_Aim of the task_
Set down exactly the lines from the one containing "#215=EDGE_LOOP('',(#214));" through the last line of the records below, both included, and nothing else.

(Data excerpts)
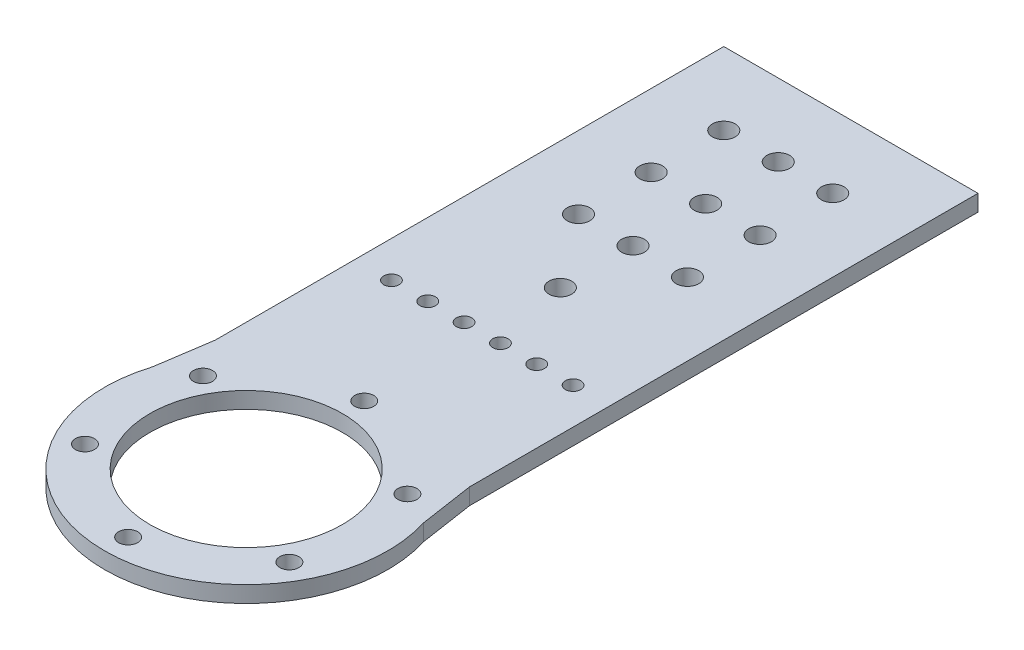
ISO-10303-21;
HEADER;
FILE_DESCRIPTION(('STEP AP214'),'2;1');
FILE_NAME('part.step','',(''),(''),'','','');
FILE_SCHEMA(('AUTOMOTIVE_DESIGN { 1 0 10303 214 1 1 1 1 }'));
ENDSEC;
DATA;
#1=APPLICATION_CONTEXT('core data for automotive mechanical design processes');
#2=APPLICATION_PROTOCOL_DEFINITION('international standard','automotive_design',2000,#1);
#3=PRODUCT_CONTEXT('',#1,'mechanical');
#4=PRODUCT('Part','Part','',(#3));
#5=PRODUCT_RELATED_PRODUCT_CATEGORY('part','',(#4));
#6=PRODUCT_DEFINITION_FORMATION('','',#4);
#7=PRODUCT_DEFINITION_CONTEXT('part definition',#1,'design');
#8=PRODUCT_DEFINITION('design','',#6,#7);
#9=PRODUCT_DEFINITION_SHAPE('','',#8);
#10=(LENGTH_UNIT() NAMED_UNIT(*) SI_UNIT(.MILLI.,.METRE.));
#11=(NAMED_UNIT(*) PLANE_ANGLE_UNIT() SI_UNIT($,.RADIAN.));
#12=(NAMED_UNIT(*) SI_UNIT($,.STERADIAN.) SOLID_ANGLE_UNIT());
#13=UNCERTAINTY_MEASURE_WITH_UNIT(LENGTH_MEASURE(1.E-05),#10,'distance_accuracy_value','');
#14=(GEOMETRIC_REPRESENTATION_CONTEXT(3) GLOBAL_UNCERTAINTY_ASSIGNED_CONTEXT((#13)) GLOBAL_UNIT_ASSIGNED_CONTEXT((#10,
#11,#12)) REPRESENTATION_CONTEXT('',''));
#15=CARTESIAN_POINT('',(0.,0.,0.));
#16=DIRECTION('',(0.,0.,1.));
#17=DIRECTION('',(1.,0.,0.));
#18=AXIS2_PLACEMENT_3D('',#15,#16,#17);
#19=CARTESIAN_POINT('',(5.,-2.25,-65.));
#20=DIRECTION('',(0.,1.,0.));
#21=DIRECTION('',(0.,0.,1.));
#22=AXIS2_PLACEMENT_3D('',#19,#20,#21);
#23=CYLINDRICAL_SURFACE('',#22,2.125);
#24=CARTESIAN_POINT('',(5.,2.25,-65.));
#25=DIRECTION('',(0.,1.,0.));
#26=DIRECTION('',(0.,0.,1.));
#27=AXIS2_PLACEMENT_3D('',#24,#25,#26);
#28=CIRCLE('',#27,2.125);
#29=CARTESIAN_POINT('',(5.,2.25,-62.875));
#30=VERTEX_POINT('',#29);
#31=EDGE_CURVE('E40',#30,#30,#28,.T.);
#32=ORIENTED_EDGE('',*,*,#31,.T.);
#33=EDGE_LOOP('',(#32));
#34=FACE_BOUND('',#33,.T.);
#35=CARTESIAN_POINT('',(5.,-2.25,-65.));
#36=DIRECTION('',(0.,1.,0.));
#37=DIRECTION('',(0.,0.,1.));
#38=AXIS2_PLACEMENT_3D('',#35,#36,#37);
#39=CIRCLE('',#38,2.125);
#40=CARTESIAN_POINT('',(5.,-2.25,-62.875));
#41=VERTEX_POINT('',#40);
#42=EDGE_CURVE('E11',#41,#41,#39,.T.);
#43=ORIENTED_EDGE('',*,*,#42,.F.);
#44=EDGE_LOOP('',(#43));
#45=FACE_BOUND('',#44,.T.);
#46=ADVANCED_FACE('F33',(#34,#45),#23,.F.);
#47=CARTESIAN_POINT('',(0.,-7.75,-86.5000000000001));
#48=DIRECTION('',(0.,1.,0.));
#49=DIRECTION('',(0.,0.,1.));
#50=AXIS2_PLACEMENT_3D('',#47,#48,#49);
#51=CYLINDRICAL_SURFACE('',#50,3.125);
#52=CARTESIAN_POINT('',(0.,2.25,-86.5000000000001));
#53=DIRECTION('',(0.,1.,0.));
#54=DIRECTION('',(0.,0.,1.));
#55=AXIS2_PLACEMENT_3D('',#52,#53,#54);
#56=CIRCLE('',#55,3.125);
#57=CARTESIAN_POINT('',(0.,2.25,-83.3750000000001));
#58=VERTEX_POINT('',#57);
#59=EDGE_CURVE('E150',#58,#58,#56,.T.);
#60=ORIENTED_EDGE('',*,*,#59,.T.);
#61=EDGE_LOOP('',(#60));
#62=FACE_BOUND('',#61,.T.);
#63=CARTESIAN_POINT('',(0.,-2.25,-86.5000000000001));
#64=DIRECTION('',(0.,1.,0.));
#65=DIRECTION('',(0.,0.,1.));
#66=AXIS2_PLACEMENT_3D('',#63,#64,#65);
#67=CIRCLE('',#66,3.125);
#68=CARTESIAN_POINT('',(0.,-2.25,-83.3750000000001));
#69=VERTEX_POINT('',#68);
#70=EDGE_CURVE('E153',#69,#69,#67,.T.);
#71=ORIENTED_EDGE('',*,*,#70,.F.);
#72=EDGE_LOOP('',(#71));
#73=FACE_BOUND('',#72,.T.);
#74=ADVANCED_FACE('F178',(#62,#73),#51,.F.);
#75=CARTESIAN_POINT('',(0.,-7.75,-106.5));
#76=DIRECTION('',(0.,1.,0.));
#77=DIRECTION('',(0.,0.,1.));
#78=AXIS2_PLACEMENT_3D('',#75,#76,#77);
#79=CYLINDRICAL_SURFACE('',#78,3.125);
#80=CARTESIAN_POINT('',(0.,2.25,-106.5));
#81=DIRECTION('',(0.,1.,0.));
#82=DIRECTION('',(0.,0.,1.));
#83=AXIS2_PLACEMENT_3D('',#80,#81,#82);
#84=CIRCLE('',#83,3.125);
#85=CARTESIAN_POINT('',(0.,2.25,-103.375));
#86=VERTEX_POINT('',#85);
#87=EDGE_CURVE('E139',#86,#86,#84,.T.);
#88=ORIENTED_EDGE('',*,*,#87,.T.);
#89=EDGE_LOOP('',(#88));
#90=FACE_BOUND('',#89,.T.);
#91=CARTESIAN_POINT('',(0.,-2.25,-106.5));
#92=DIRECTION('',(0.,1.,0.));
#93=DIRECTION('',(0.,0.,1.));
#94=AXIS2_PLACEMENT_3D('',#91,#92,#93);
#95=CIRCLE('',#94,3.125);
#96=CARTESIAN_POINT('',(0.,-2.25,-103.375));
#97=VERTEX_POINT('',#96);
#98=EDGE_CURVE('E147',#97,#97,#95,.T.);
#99=ORIENTED_EDGE('',*,*,#98,.F.);
#100=EDGE_LOOP('',(#99));
#101=FACE_BOUND('',#100,.T.);
#102=ADVANCED_FACE('F182',(#90,#101),#79,.F.);
#103=CARTESIAN_POINT('',(15.,-2.25,-106.5));
#104=DIRECTION('',(0.,1.,0.));
#105=DIRECTION('',(0.,0.,1.));
#106=AXIS2_PLACEMENT_3D('',#103,#104,#105);
#107=CYLINDRICAL_SURFACE('',#106,3.125);
#108=CARTESIAN_POINT('',(15.,2.25,-106.5));
#109=DIRECTION('',(0.,1.,0.));
#110=DIRECTION('',(0.,0.,1.));
#111=AXIS2_PLACEMENT_3D('',#108,#109,#110);
#112=CIRCLE('',#111,3.125);
#113=CARTESIAN_POINT('',(15.,2.25,-103.375));
#114=VERTEX_POINT('',#113);
#115=EDGE_CURVE('E133',#114,#114,#112,.T.);
#116=ORIENTED_EDGE('',*,*,#115,.T.);
#117=EDGE_LOOP('',(#116));
#118=FACE_BOUND('',#117,.T.);
#119=CARTESIAN_POINT('',(15.,-2.25,-106.5));
#120=DIRECTION('',(0.,1.,0.));
#121=DIRECTION('',(0.,0.,1.));
#122=AXIS2_PLACEMENT_3D('',#119,#120,#121);
#123=CIRCLE('',#122,3.125);
#124=CARTESIAN_POINT('',(15.,-2.25,-103.375));
#125=VERTEX_POINT('',#124);
#126=EDGE_CURVE('E136',#125,#125,#123,.T.);
#127=ORIENTED_EDGE('',*,*,#126,.F.);
#128=EDGE_LOOP('',(#127));
#129=FACE_BOUND('',#128,.T.);
#130=ADVANCED_FACE('F187',(#118,#129),#107,.F.);
#131=CARTESIAN_POINT('',(-15.,-2.25,-106.5));
#132=DIRECTION('',(0.,1.,0.));
#133=DIRECTION('',(0.,0.,1.));
#134=AXIS2_PLACEMENT_3D('',#131,#132,#133);
#135=CYLINDRICAL_SURFACE('',#134,3.125);
#136=CARTESIAN_POINT('',(-15.,2.25,-106.5));
#137=DIRECTION('',(0.,1.,0.));
#138=DIRECTION('',(0.,0.,1.));
#139=AXIS2_PLACEMENT_3D('',#136,#137,#138);
#140=CIRCLE('',#139,3.125);
#141=CARTESIAN_POINT('',(-15.,2.25,-103.375));
#142=VERTEX_POINT('',#141);
#143=EDGE_CURVE('E126',#142,#142,#140,.T.);
#144=ORIENTED_EDGE('',*,*,#143,.T.);
#145=EDGE_LOOP('',(#144));
#146=FACE_BOUND('',#145,.T.);
#147=CARTESIAN_POINT('',(-15.,-2.25,-106.5));
#148=DIRECTION('',(0.,1.,0.));
#149=DIRECTION('',(0.,0.,1.));
#150=AXIS2_PLACEMENT_3D('',#147,#148,#149);
#151=CIRCLE('',#150,3.125);
#152=CARTESIAN_POINT('',(-15.,-2.25,-103.375));
#153=VERTEX_POINT('',#152);
#154=EDGE_CURVE('E130',#153,#153,#151,.T.);
#155=ORIENTED_EDGE('',*,*,#154,.F.);
#156=EDGE_LOOP('',(#155));
#157=FACE_BOUND('',#156,.T.);
#158=ADVANCED_FACE('F172',(#146,#157),#135,.F.);
#159=CARTESIAN_POINT('',(0.,2.25,0.));
#160=DIRECTION('',(0.,-1.,0.));
#161=DIRECTION('',(0.,0.,-1.));
#162=AXIS2_PLACEMENT_3D('',#159,#160,#161);
#163=CYLINDRICAL_SURFACE('',#162,39.);
#164=DIRECTION('',(0.,-1.,0.));
#165=VECTOR('',#164,1.);
#166=CARTESIAN_POINT('',(37.262443438914,2.25,-11.5113122171946));
#167=LINE('',#166,#165);
#168=CARTESIAN_POINT('',(37.2624434389141,2.25,-11.5113122171945));
#169=VERTEX_POINT('',#168);
#170=CARTESIAN_POINT('',(37.2624434389141,-2.25,-11.5113122171945));
#171=VERTEX_POINT('',#170);
#172=EDGE_CURVE('E108',#169,#171,#167,.T.);
#173=ORIENTED_EDGE('',*,*,#172,.F.);
#174=CARTESIAN_POINT('',(0.,2.25,0.));
#175=DIRECTION('',(0.,1.,0.));
#176=DIRECTION('',(0.,0.,1.));
#177=AXIS2_PLACEMENT_3D('',#174,#175,#176);
#178=CIRCLE('',#177,39.);
#179=CARTESIAN_POINT('',(-37.262443438914,2.25,-11.5113122171946));
#180=VERTEX_POINT('',#179);
#181=EDGE_CURVE('E47',#180,#169,#178,.T.);
#182=ORIENTED_EDGE('',*,*,#181,.F.);
#183=DIRECTION('',(0.,-1.,0.));
#184=VECTOR('',#183,1.);
#185=CARTESIAN_POINT('',(-37.262443438914,2.25,-11.5113122171946));
#186=LINE('',#185,#184);
#187=CARTESIAN_POINT('',(-37.262443438914,-2.25,-11.5113122171946));
#188=VERTEX_POINT('',#187);
#189=EDGE_CURVE('E111',#188,#180,#186,.F.);
#190=ORIENTED_EDGE('',*,*,#189,.F.);
#191=CARTESIAN_POINT('',(0.,-2.25,0.));
#192=DIRECTION('',(0.,1.,0.));
#193=DIRECTION('',(0.,0.,1.));
#194=AXIS2_PLACEMENT_3D('',#191,#192,#193);
#195=CIRCLE('',#194,39.);
#196=EDGE_CURVE('E122',#188,#171,#195,.T.);
#197=ORIENTED_EDGE('',*,*,#196,.T.);
#198=EDGE_LOOP('',(#173,#182,#190,#197));
#199=FACE_BOUND('',#198,.T.);
#200=ADVANCED_FACE('F162',(#199),#163,.T.);
#201=CARTESIAN_POINT('',(0.,2.25,0.));
#202=DIRECTION('',(0.,1.,0.));
#203=DIRECTION('',(0.,0.,1.));
#204=AXIS2_PLACEMENT_3D('',#201,#202,#203);
#205=PLANE('',#204);
#206=CARTESIAN_POINT('',(-25.,2.25,-65.));
#207=DIRECTION('',(0.,1.,0.));
#208=DIRECTION('',(0.,0.,1.));
#209=AXIS2_PLACEMENT_3D('',#206,#207,#208);
#210=CIRCLE('',#209,2.125);
#211=CARTESIAN_POINT('',(-25.,2.25,-62.875));
#212=VERTEX_POINT('',#211);
#213=EDGE_CURVE('E481',#212,#212,#210,.F.);
#214=ORIENTED_EDGE('',*,*,#213,.T.);
#215=EDGE_LOOP('',(#214));
#216=FACE_BOUND('',#215,.T.);
#217=CARTESIAN_POINT('',(-15.,2.25,-65.));
#218=DIRECTION('',(0.,1.,0.));
#219=DIRECTION('',(0.,0.,1.));
#220=AXIS2_PLACEMENT_3D('',#217,#218,#219);
#221=CIRCLE('',#220,2.125);
#222=CARTESIAN_POINT('',(-15.,2.25,-62.875));
#223=VERTEX_POINT('',#222);
#224=EDGE_CURVE('E489',#223,#223,#221,.F.);
#225=ORIENTED_EDGE('',*,*,#224,.T.);
#226=EDGE_LOOP('',(#225));
#227=FACE_BOUND('',#226,.T.);
#228=CARTESIAN_POINT('',(-5.,2.25,-65.));
#229=DIRECTION('',(0.,1.,0.));
#230=DIRECTION('',(0.,0.,1.));
#231=AXIS2_PLACEMENT_3D('',#228,#229,#230);
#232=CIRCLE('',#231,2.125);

_Written solution_
#215=EDGE_LOOP('',(#214));
#216=FACE_BOUND('',#215,.T.);
#217=CARTESIAN_POINT('',(-15.,2.25,-65.));
#218=DIRECTION('',(0.,1.,0.));
#219=DIRECTION('',(0.,0.,1.));
#220=AXIS2_PLACEMENT_3D('',#217,#218,#219);
#221=CIRCLE('',#220,2.125);
#222=CARTESIAN_POINT('',(-15.,2.25,-62.875));
#223=VERTEX_POINT('',#222);
#224=EDGE_CURVE('E489',#223,#223,#221,.F.);
#225=ORIENTED_EDGE('',*,*,#224,.T.);
#226=EDGE_LOOP('',(#225));
#227=FACE_BOUND('',#226,.T.);
#228=CARTESIAN_POINT('',(-5.,2.25,-65.));
#229=DIRECTION('',(0.,1.,0.));
#230=DIRECTION('',(0.,0.,1.));
#231=AXIS2_PLACEMENT_3D('',#228,#229,#230);
#232=CIRCLE('',#231,2.125);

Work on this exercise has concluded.